# Hey!



## 109ROAMING (May 31, 2008)

Hey guys

I'm Daniel, I'm from Christchurch,New zealand.Wanting to be an aircraft engineer, nuts about WW2 Aviation. and I'm 16
also a keen modeler


Cheers
Daniel


----------



## Njaco (May 31, 2008)

Welcome Dan to the forum!


----------



## Wildcat (May 31, 2008)

G'day Dan, welcome to the site mate!


----------



## Wayne Little (May 31, 2008)

Hello from across the Tasman Daniel, Welcome to the forum mate!


----------



## Wurger (May 31, 2008)

Hallo Daniel,

Nice to read you here,Stay with us longer and enjoy.Warm greetings from Poland.


----------



## Heinz (May 31, 2008)

Welcome. 

A few keen modellers on here including myself.


----------



## rochie (May 31, 2008)

hi there dan welcome to the forum


----------



## wilbur1 (May 31, 2008)

Welcome to the sandbox dan


----------



## Gnomey (May 31, 2008)

Welcome Daniel. Where you by any chance pleased with the result of the Super 14 final today (31st May).


----------



## DerAdlerIstGelandet (May 31, 2008)

Welcome and dont be a one post wonder!


----------



## Lucky13 (Jun 1, 2008)

Welcome to the asylum mate....


----------



## 109ROAMING (Jun 1, 2008)

Happy we won, played it for 2 years when I was younger.
Dad went crazy...did his little victory dance! lol


----------



## RabidAlien (Jun 1, 2008)

Heh....if that "victory dance" involves a lampshade, we don't wanna know. *g*

Welcome to the boards!!!!!!


----------



## Gnomey (Jun 1, 2008)

Haha, they did deserve it overall but they were a bit lucky at the end of the day but you need a bit of luck in a game of rugby, especially a final.


----------



## Thorlifter (Jun 1, 2008)

Welcome to the site.


----------



## ScOoTeR1992 (Jun 2, 2008)

g'day and welcome to the forums mate


----------



## A4K (Jun 2, 2008)

G'day Dan! Welcome mate!

If you're interested in getting started as an aircraft mechanic, why don't you try doing some volunteer work at the RNZAF museum ?
I worked with them during my last month in the airforce, and it was the highlight of my life to be in a hangar with a Catalina, 2 Hudsons, a cessna O-2A, Spitfire XVI, F4U-1,and P-51D, aswell as a set of Mosquito mainplanes under restoration for MoTaT... 

Evan


----------



## DOUGRD (Jun 2, 2008)

A4K said:


> G'day Dan! Welcome mate!
> 
> If you're interested in getting started as an aircraft mechanic, why don't you try doing some volunteer work at the RNZAF museum ?
> I worked with them during my last month in the airforce, and it was the highlight of my life to be in a hangar with a Catalina, 2 Hudsons, a cessna O-2A, Spitfire XVI, F4U-1,and P-51D, aswell as a set of Mosquito mainplanes under restoration for MoTaT...
> ...



Now that sounds like fun.....Welcome Dan!


----------



## 109ROAMING (Jun 3, 2008)

Hey Thanks for that Evan
never would of thought of doing something like that
Will look into it
loving that P-40 restoration


----------



## A4K (Jun 3, 2008)

Yep, me too! I'm in Hungary these days, but have been checking out the progress on the net. Should be great when she's done!

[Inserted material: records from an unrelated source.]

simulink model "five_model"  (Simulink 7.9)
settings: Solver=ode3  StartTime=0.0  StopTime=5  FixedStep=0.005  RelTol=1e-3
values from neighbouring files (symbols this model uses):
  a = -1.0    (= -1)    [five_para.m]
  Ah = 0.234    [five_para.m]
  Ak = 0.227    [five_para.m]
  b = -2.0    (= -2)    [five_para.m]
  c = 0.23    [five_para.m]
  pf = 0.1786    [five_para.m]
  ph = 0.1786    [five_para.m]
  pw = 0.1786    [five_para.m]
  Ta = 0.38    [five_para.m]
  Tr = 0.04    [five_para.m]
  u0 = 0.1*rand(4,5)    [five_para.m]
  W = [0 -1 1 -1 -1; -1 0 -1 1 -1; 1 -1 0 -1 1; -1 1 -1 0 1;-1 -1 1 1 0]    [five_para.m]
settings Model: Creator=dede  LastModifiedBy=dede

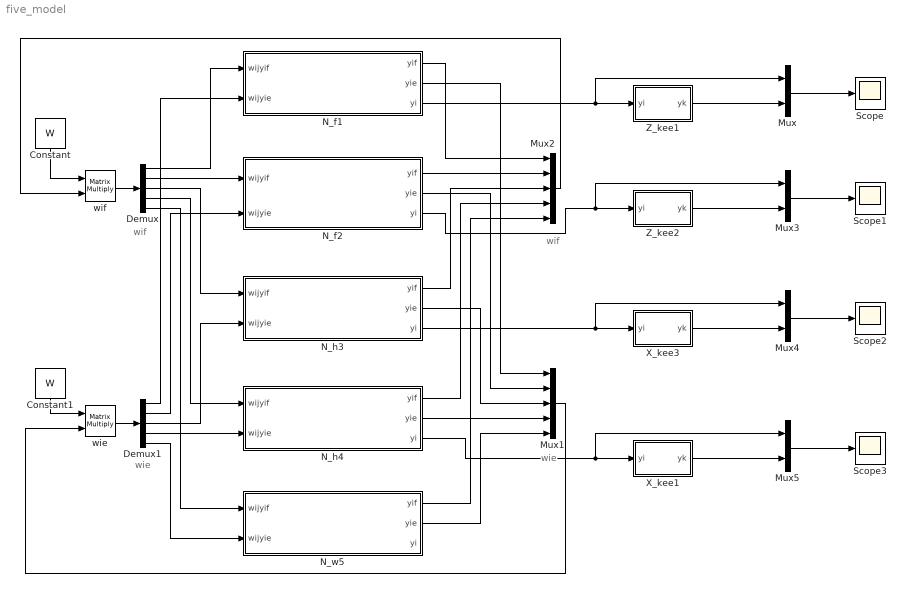
== system five_model ==
  note: wif
  note: wie
  note: wif
  note: wie
  Constant : Constant  Value=W
  Constant1 : Constant  Value=W
  Demux : Demux  Outputs=5
  Demux1 : Demux  Outputs=5
  Mux{,3..5} (4 alike) : Mux  Inputs=2
  Mux1 : Mux  Inputs=5
  Mux2 : Mux  Inputs=5
  N_f1 : Subsystem
  N_f2 : Subsystem
  N_h3 : Subsystem
  N_h4 : Subsystem
  N_w5 : Subsystem
  Scope{,1..3} (4 alike) : Scope
      Scope2 settings: SaveName=ScopeData2
      Scope3 settings: SaveName=ScopeData3
  X_kee1 : Subsystem
  X_kee3 : Subsystem
  Z_kee1 : Subsystem
  Z_kee2 : Subsystem
  wie : Product  Multiplication=Matrix(*)  RndMeth=Zero
  wif : Product  Multiplication=Matrix(*)  RndMeth=Zero
  wires:
  N_f1/1(yif) -> Mux2/1
  N_f2/1(yif) -> Mux2/2
  N_h3/1(yif) -> Mux2/3
  N_h4/1(yif) -> Mux2/4
  N_w5/1(yif) -> Mux2/5
  N_f1/2(yie) -> Mux1/1
  N_f2/2(yie) -> Mux1/2
  N_h3/2(yie) -> Mux1/3
  N_h4/2(yie) -> Mux1/4
  N_w5/2(yie) -> Mux1/5
  Demux/1 -> N_f1/1(wijyif)
  Demux/2 -> N_f2/1(wijyif)
  Demux/3 -> N_h3/1(wijyif)
  Demux/4 -> N_h4/1(wijyif)
  Demux/5 -> N_w5/1(wijyif)
  Demux1/1 -> N_f1/2(wijyie)
  Demux1/2 -> N_f2/2(wijyie)
  Demux1/3 -> N_h3/2(wijyie)
  Demux1/4 -> N_h4/2(wijyie)
  Demux1/5 -> N_w5/2(wijyie)
  Mux2/1 -> wif/2
  Constant/1 -> wif/1
  Mux1/1 -> wie/2
  Constant1/1 -> wie/1
  wie/1 -> Demux1/1
  wif/1 -> Demux/1
  N_f1/3(yi) -> Z_kee1/1(yi), Mux/1
  N_f2/3(yi) -> Z_kee2/1(yi), Mux3/1
  N_h3/3(yi) -> X_kee3/1(yi), Mux4/1
  N_h4/3(yi) -> X_kee1/1(yi), Mux5/1
  Z_kee1/1(yk) -> Mux/2
  Mux/1 -> Scope/1
  Z_kee2/1(yk) -> Mux3/2
  Mux3/1 -> Scope1/1
  X_kee3/1(yk) -> Mux4/2
  Mux4/1 -> Scope2/1
  Mux5/1 -> Scope3/1
  X_kee1/1(yk) -> Mux5/2

== system five_model/N_f1 ==
  wijyif : Inport
  wijyie : Inport  Port=2
  Gain : Gain  Gain=pf
  N_e1 : Subsystem
  N_f1 : Subsystem
  Sum : Sum  Inputs=+-
  yif : Outport
  yie : Outport  Port=2
  yi : Outport  Port=3
  wires:
  N_f1/2(yif) -> N_e1/1(yif), yif/1
  N_e1/2(yie) -> N_f1/1(yie), yie/1
  wijyif/1 -> N_f1/2(wijyif)
  wijyie/1 -> N_e1/2(wijyie)
  N_f1/1(uif) -> Sum/1
  N_e1/1(uie) -> Sum/2
  Sum/1 -> Gain/1
  Gain/1 -> yi/1

== system five_model/N_f2 ==
  wijyif : Inport
  wijyie : Inport  Port=2
  Gain : Gain  Gain=pf
  N_e1 : Subsystem
  N_f1 : Subsystem
  Sum : Sum  Inputs=+-
  yif : Outport
  yie : Outport  Port=2
  yi : Outport  Port=3
  wires:
  Gain/1 -> yi/1
  Sum/1 -> Gain/1
  N_e1/1(uie) -> Sum/2
  N_f1/1(uif) -> Sum/1
  wijyie/1 -> N_e1/2(wijyie)
  wijyif/1 -> N_f1/2(wijyif)
  N_e1/2(yie) -> yie/1, N_f1/1(yie)
  N_f1/2(yif) -> yif/1, N_e1/1(yif)

== system five_model/N_h3 ==
  wijyif : Inport
  wijyie : Inport  Port=2
  Gain : Gain  Gain=ph
  N_e1 : Subsystem
  N_f1 : Subsystem
  Sum : Sum  Inputs=+-
  yif : Outport
  yie : Outport  Port=2
  yi : Outport  Port=3
  wires:
  N_f1/2(yif) -> N_e1/1(yif), yif/1
  N_e1/2(yie) -> N_f1/1(yie), yie/1
  wijyif/1 -> N_f1/2(wijyif)
  wijyie/1 -> N_e1/2(wijyie)
  N_f1/1(uif) -> Sum/1
  N_e1/1(uie) -> Sum/2
  Sum/1 -> Gain/1
  Gain/1 -> yi/1

== system five_model/N_h4 ==
  wijyif : Inport
  wijyie : Inport  Port=2
  Gain : Gain  Gain=ph
  N_e1 : Subsystem
  N_f1 : Subsystem
  Sum : Sum  Inputs=+-
  yif : Outport
  yie : Outport  Port=2
  yi : Outport  Port=3
  wires:
  Gain/1 -> yi/1
  Sum/1 -> Gain/1
  N_e1/1(uie) -> Sum/2
  N_f1/1(uif) -> Sum/1
  wijyie/1 -> N_e1/2(wijyie)
  wijyif/1 -> N_f1/2(wijyif)
  N_e1/2(yie) -> yie/1, N_f1/1(yie)
  N_f1/2(yif) -> yif/1, N_e1/1(yif)

== system five_model/N_w5 ==
  wijyif : Inport
  wijyie : Inport  Port=2
  Gain : Gain  Gain=pw
  N_e1 : Subsystem
  N_f1 : Subsystem
  Sum : Sum  Inputs=+-
  yif : Outport
  yie : Outport  Port=2
  yi : Outport  Port=3
  wires:
  N_f1/2(yif) -> N_e1/1(yif), yif/1
  N_e1/2(yie) -> N_f1/1(yie), yie/1
  wijyif/1 -> N_f1/2(wijyif)
  wijyie/1 -> N_e1/2(wijyie)
  N_f1/1(uif) -> Sum/1
  N_e1/1(uie) -> Sum/2
  Sum/1 -> Gain/1
  Gain/1 -> yi/1

== system five_model/X_kee1 ==
  yi : Inport
  Constant2 : Constant  Value=0
  Derivative : Derivative
  Subsystem : Subsystem
  Switch : Switch
  yk : Outport
  wires:
  Switch/1 -> yk/1
  Subsystem/1(Out1) -> Switch/1
  Derivative/1 -> Switch/2
  yi/1 -> Subsystem/1(In1), Derivative/1
  Constant2/1 -> Switch/3

== system five_model/X_kee3 ==
  yi : Inport
  Constant2 : Constant  Value=0
  Derivative : Derivative
  Subsystem : Subsystem
  Switch : Switch
  yk : Outport
  wires:
  Constant2/1 -> Switch/3
  yi/1 -> Derivative/1, Subsystem/1(In1)
  Derivative/1 -> Switch/2
  Subsystem/1(Out1) -> Switch/1
  Switch/1 -> yk/1

== system five_model/Z_kee1 ==
  yi : Inport
  Constant2 : Constant  Value=0
  Derivative : Derivative
  Subsystem : Subsystem
  Switch : Switch
  yk : Outport
  wires:
  Constant2/1 -> Switch/3
  yi/1 -> Derivative/1, Subsystem/1(In1)
  Derivative/1 -> Switch/2
  Subsystem/1(Out1) -> Switch/1
  Switch/1 -> yk/1

== system five_model/Z_kee2 ==
  yi : Inport
  Constant2 : Constant  Value=0
  Derivative : Derivative
  Subsystem : Subsystem
  Switch : Switch
  yk : Outport
  wires:
  Switch/1 -> yk/1
  Subsystem/1(Out1) -> Switch/1
  Derivative/1 -> Switch/2
  yi/1 -> Subsystem/1(In1), Derivative/1
  Constant2/1 -> Switch/3

== system five_model/N_f1/N_e1 ==
  yif : Inport
  wijyie : Inport  Port=2
  Constant : Constant  Value=0
  uie0 : Subsystem
  vie : Subsystem
  yie0 : Switch
  uie : Outport
  yie : Outport  Port=2
  wires:
  vie/1(vie) -> uie0/1(vie)
  yif/1 -> uie0/2(yif)
  wijyie/1 -> uie0/3(wijyie)
  Constant/1 -> yie0/3
  uie0/1(uie) -> yie0/1, yie0/2, uie/1
  yie0/1 -> vie/1(yie), yie/1

== system five_model/N_f1/N_f1 ==
  yie : Inport
  wijyif : Inport  Port=2
  Constant : Constant  Value=0
  uif0 : Subsystem
  vif : Subsystem
  yif0 : Switch
  uif : Outport
  yif : Outport  Port=2
  wires:
  vif/1(vif) -> uif0/1(vif)
  Constant/1 -> yif0/3
  uif0/1(uif) -> yif0/1, yif0/2, uif/1
  yif0/1 -> vif/1(yif1), yif/1
  yie/1 -> uif0/2(yie)
  wijyif/1 -> uif0/3(wijyif)

== system five_model/N_f2/N_e1 ==
  yif : Inport
  wijyie : Inport  Port=2
  Constant : Constant  Value=0
  uie0 : Subsystem
  vie : Subsystem
  yie0 : Switch
  uie : Outport
  yie : Outport  Port=2
  wires:
  yie0/1 -> yie/1, vie/1(yie)
  uie0/1(uie) -> uie/1, yie0/2, yie0/1
  Constant/1 -> yie0/3
  wijyie/1 -> uie0/3(wijyie)
  yif/1 -> uie0/2(yif)
  vie/1(vie) -> uie0/1(vie)

== system five_model/N_f2/N_f1 ==
  yie : Inport
  wijyif : Inport  Port=2
  Constant : Constant  Value=0
  uif0 : Subsystem
  vif : Subsystem
  yif0 : Switch
  uif : Outport
  yif : Outport  Port=2
  wires:
  wijyif/1 -> uif0/3(wijyif)
  yie/1 -> uif0/2(yie)
  yif0/1 -> yif/1, vif/1(yif1)
  uif0/1(uif) -> uif/1, yif0/2, yif0/1
  Constant/1 -> yif0/3
  vif/1(vif) -> uif0/1(vif)

== system five_model/N_h3/N_e1 ==
  yif : Inport
  wijyie : Inport  Port=2
  Constant : Constant  Value=0
  uie0 : Subsystem
  vie : Subsystem
  yie0 : Switch
  uie : Outport
  yie : Outport  Port=2
  wires:
  vie/1(vie) -> uie0/1(vie)
  yif/1 -> uie0/2(yif)
  wijyie/1 -> uie0/3(wijyie)
  Constant/1 -> yie0/3
  uie0/1(uie) -> yie0/1, yie0/2, uie/1
  yie0/1 -> vie/1(yie), yie/1

== system five_model/N_h3/N_f1 ==
  yie : Inport
  wijyif : Inport  Port=2
  Constant : Constant  Value=0
  uif0 : Subsystem
  vif : Subsystem
  yif0 : Switch
  uif : Outport
  yif : Outport  Port=2
  wires:
  vif/1(vif) -> uif0/1(vif)
  Constant/1 -> yif0/3
  uif0/1(uif) -> yif0/1, yif0/2, uif/1
  yif0/1 -> vif/1(yif1), yif/1
  yie/1 -> uif0/2(yie)
  wijyif/1 -> uif0/3(wijyif)

== system five_model/N_h4/N_e1 ==
  yif : Inport
  wijyie : Inport  Port=2
  Constant : Constant  Value=0
  uie0 : Subsystem
  vie : Subsystem
  yie0 : Switch
  uie : Outport
  yie : Outport  Port=2
  wires:
  yie0/1 -> yie/1, vie/1(yie)
  uie0/1(uie) -> uie/1, yie0/2, yie0/1
  Constant/1 -> yie0/3
  wijyie/1 -> uie0/3(wijyie)
  yif/1 -> uie0/2(yif)
  vie/1(vie) -> uie0/1(vie)

== system five_model/N_h4/N_f1 ==
  yie : Inport
  wijyif : Inport  Port=2
  Constant : Constant  Value=0
  uif0 : Subsystem
  vif : Subsystem
  yif0 : Switch
  uif : Outport
  yif : Outport  Port=2
  wires:
  wijyif/1 -> uif0/3(wijyif)
  yie/1 -> uif0/2(yie)
  yif0/1 -> yif/1, vif/1(yif1)
  uif0/1(uif) -> uif/1, yif0/2, yif0/1
  Constant/1 -> yif0/3
  vif/1(vif) -> uif0/1(vif)

== system five_model/N_w5/N_e1 ==
  yif : Inport
  wijyie : Inport  Port=2
  Constant : Constant  Value=0
  uie0 : Subsystem
  vie : Subsystem
  yie0 : Switch
  uie : Outport
  yie : Outport  Port=2
  wires:
  vie/1(vie) -> uie0/1(vie)
  yif/1 -> uie0/2(yif)
  wijyie/1 -> uie0/3(wijyie)
  Constant/1 -> yie0/3
  uie0/1(uie) -> yie0/1, yie0/2, uie/1
  yie0/1 -> vie/1(yie), yie/1

== system five_model/N_w5/N_f1 ==
  yie : Inport
  wijyif : Inport  Port=2
  Constant : Constant  Value=0
  uif0 : Subsystem
  vif : Subsystem
  yif0 : Switch
  uif : Outport
  yif : Outport  Port=2
  wires:
  vif/1(vif) -> uif0/1(vif)
  Constant/1 -> yif0/3
  uif0/1(uif) -> yif0/1, yif0/2, uif/1
  yif0/1 -> vif/1(yif1), yif/1
  yie/1 -> uif0/2(yie)
  wijyif/1 -> uif0/3(wijyif)

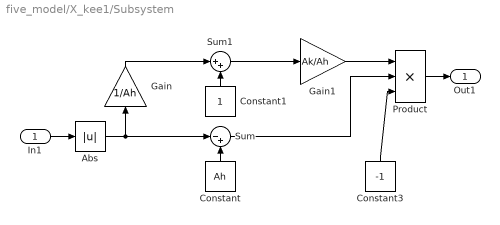
== system five_model/X_kee1/Subsystem ==
  In1 : Inport
  Abs : Abs
  Constant : Constant  Value=Ah
  Constant1 : Constant
  Constant3 : Constant  Value=-1
  Gain : Gain  Gain=1/Ah
  Gain1 : Gain  Gain=Ak/Ah
  Product : Product  Inputs=3  RndMeth=Zero
  Sum : Sum  Inputs=|-+
  Sum1 : Sum  Inputs=|++
  Out1 : Outport
  wires:
  In1/1 -> Abs/1
  Product/1 -> Out1/1
  Constant3/1 -> Product/3
  Gain1/1 -> Product/1
  Sum/1 -> Product/2
  Sum1/1 -> Gain1/1
  Gain/1 -> Sum1/1
  Constant1/1 -> Sum1/2
  Constant/1 -> Sum/2
  Abs/1 -> Gain/1, Sum/1

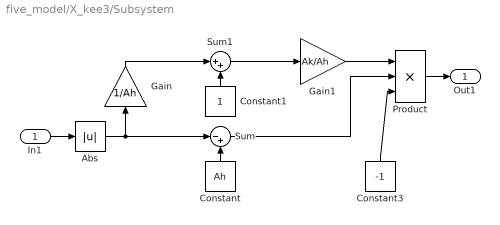
== system five_model/X_kee3/Subsystem ==
  In1 : Inport
  Abs : Abs
  Constant : Constant  Value=Ah
  Constant1 : Constant
  Constant3 : Constant  Value=-1
  Gain : Gain  Gain=1/Ah
  Gain1 : Gain  Gain=Ak/Ah
  Product : Product  Inputs=3  RndMeth=Zero
  Sum : Sum  Inputs=|-+
  Sum1 : Sum  Inputs=|++
  Out1 : Outport
  wires:
  Abs/1 -> Sum/1, Gain/1
  Constant/1 -> Sum/2
  Constant1/1 -> Sum1/2
  Gain/1 -> Sum1/1
  Sum1/1 -> Gain1/1
  Sum/1 -> Product/2
  Gain1/1 -> Product/1
  Constant3/1 -> Product/3
  Product/1 -> Out1/1
  In1/1 -> Abs/1

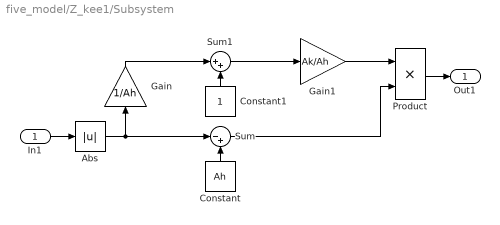
== system five_model/Z_kee1/Subsystem ==
  In1 : Inport
  Abs : Abs
  Constant : Constant  Value=Ah
  Constant1 : Constant
  Gain : Gain  Gain=1/Ah
  Gain1 : Gain  Gain=Ak/Ah
  Product : Product  RndMeth=Zero
  Sum : Sum  Inputs=|-+
  Sum1 : Sum  Inputs=|++
  Out1 : Outport
  wires:
  Abs/1 -> Sum/1, Gain/1
  Constant/1 -> Sum/2
  Constant1/1 -> Sum1/2
  Gain/1 -> Sum1/1
  Sum1/1 -> Gain1/1
  Sum/1 -> Product/2
  Gain1/1 -> Product/1
  Product/1 -> Out1/1
  In1/1 -> Abs/1

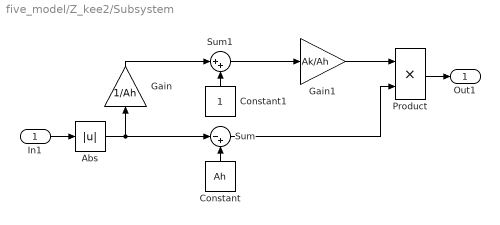
== system five_model/Z_kee2/Subsystem ==
  In1 : Inport
  Abs : Abs
  Constant : Constant  Value=Ah
  Constant1 : Constant
  Gain : Gain  Gain=1/Ah
  Gain1 : Gain  Gain=Ak/Ah
  Product : Product  RndMeth=Zero
  Sum : Sum  Inputs=|-+
  Sum1 : Sum  Inputs=|++
  Out1 : Outport
  wires:
  In1/1 -> Abs/1
  Product/1 -> Out1/1
  Gain1/1 -> Product/1
  Sum/1 -> Product/2
  Sum1/1 -> Gain1/1
  Gain/1 -> Sum1/1
  Constant1/1 -> Sum1/2
  Constant/1 -> Sum/2
  Abs/1 -> Gain/1, Sum/1

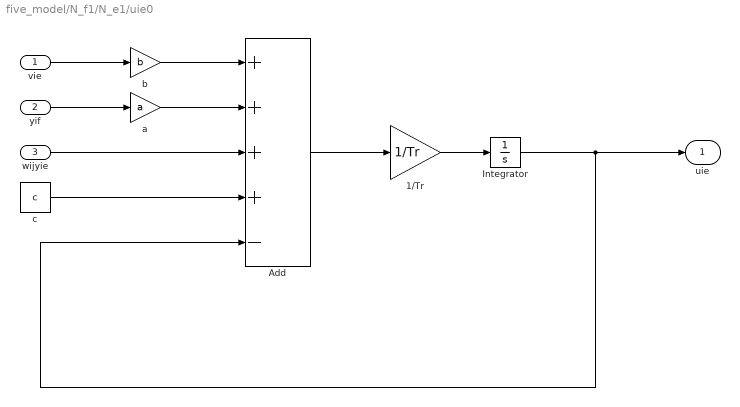
== system five_model/N_f1/N_e1/uie0 ==
  vie : Inport
  yif : Inport  Port=2
  wijyie : Inport  Port=3
  1/Tr : Gain  Gain=1/Tr
  Add : Sum  Inputs=++++-
  Integrator : Integrator  InitialCondition=u0(3,1)
  a : Gain  Gain=a
  b : Gain  Gain=b
  c : Constant  Value=c
  uie : Outport
  wires:
  vie/1 -> b/1
  b/1 -> Add/1
  yif/1 -> a/1
  a/1 -> Add/2
  wijyie/1 -> Add/3
  c/1 -> Add/4
  Add/1 -> 1/Tr/1
  1/Tr/1 -> Integrator/1
  Integrator/1 -> Add/5, uie/1

== system five_model/N_f1/N_e1/vie ==
  yie : Inport
  1/Ta : Gain  Gain=1/Ta
  1/Ta1 : Gain  Gain=1/Ta
  Add : Sum  Inputs=+-
  Integrator : Integrator  InitialCondition=u0(4,1)
  vie : Outport
  wires:
  yie/1 -> 1/Ta/1
  1/Ta/1 -> Add/1
  Add/1 -> Integrator/1
  Integrator/1 -> 1/Ta1/1, vie/1
  1/Ta1/1 -> Add/2

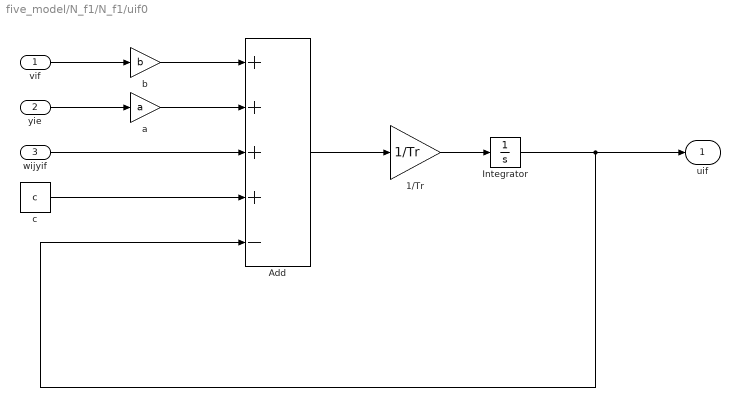
== system five_model/N_f1/N_f1/uif0 ==
  vif : Inport
  yie : Inport  Port=2
  wijyif : Inport  Port=3
  1/Tr : Gain  Gain=1/Tr
  Add : Sum  Inputs=++++-
  Integrator : Integrator  InitialCondition=u0(1,1)
  a : Gain  Gain=a
  b : Gain  Gain=b
  c : Constant  Value=c
  uif : Outport
  wires:
  vif/1 -> b/1
  b/1 -> Add/1
  yie/1 -> a/1
  a/1 -> Add/2
  wijyif/1 -> Add/3
  c/1 -> Add/4
  Add/1 -> 1/Tr/1
  1/Tr/1 -> Integrator/1
  Integrator/1 -> Add/5, uif/1

== system five_model/N_f1/N_f1/vif ==
  yif1 : Inport
  1/Ta : Gain  Gain=1/Ta
  1/Ta1 : Gain  Gain=1/Ta
  Add : Sum  Inputs=+-
  Integrator : Integrator  InitialCondition=u0(2,1)
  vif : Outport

They were always after volunteer workers to help the professional staff with the restorations, I'm sure you'd like it. Doug too, by the sounds!


----------



## 109ROAMING (Jan 28, 2009)

Sorry guys! I didn't say thanks for the welcome  

Thank you! You guys are great!


----------



## Wayne Little (Jan 28, 2009)

Strewth Daniel..... lift your game in future.....


----------



## Lucky13 (Jan 28, 2009)

You owe us a beer....at least! Hit the deck and give us 50!


----------



## Heinz (Jan 28, 2009)

Just give me a beer and get on with it


----------



## 109ROAMING (Jan 28, 2009)

Alright When I visit your cities Il be buying


----------



## Airframes (Jan 28, 2009)

What's a City? We've got 30 houses, a church, some street lamps (gas),oh, and 2 pubs. Does that count??!!!


----------



## 109ROAMING (Jan 28, 2009)

The pub will do just fine Mate!


----------



## Wurger (Jan 28, 2009)

These two pubs are enough to gather us all for the Daniel's beer.Simply Daniel will have to run faster than usually.


----------



## Airframes (Jan 28, 2009)

He better be able to run very fast, if Lucky is about, and there's beer on the go!


----------



## Wurger (Jan 28, 2009)

No, no, no ....Lucky should be.If he wants to drink twice.....


----------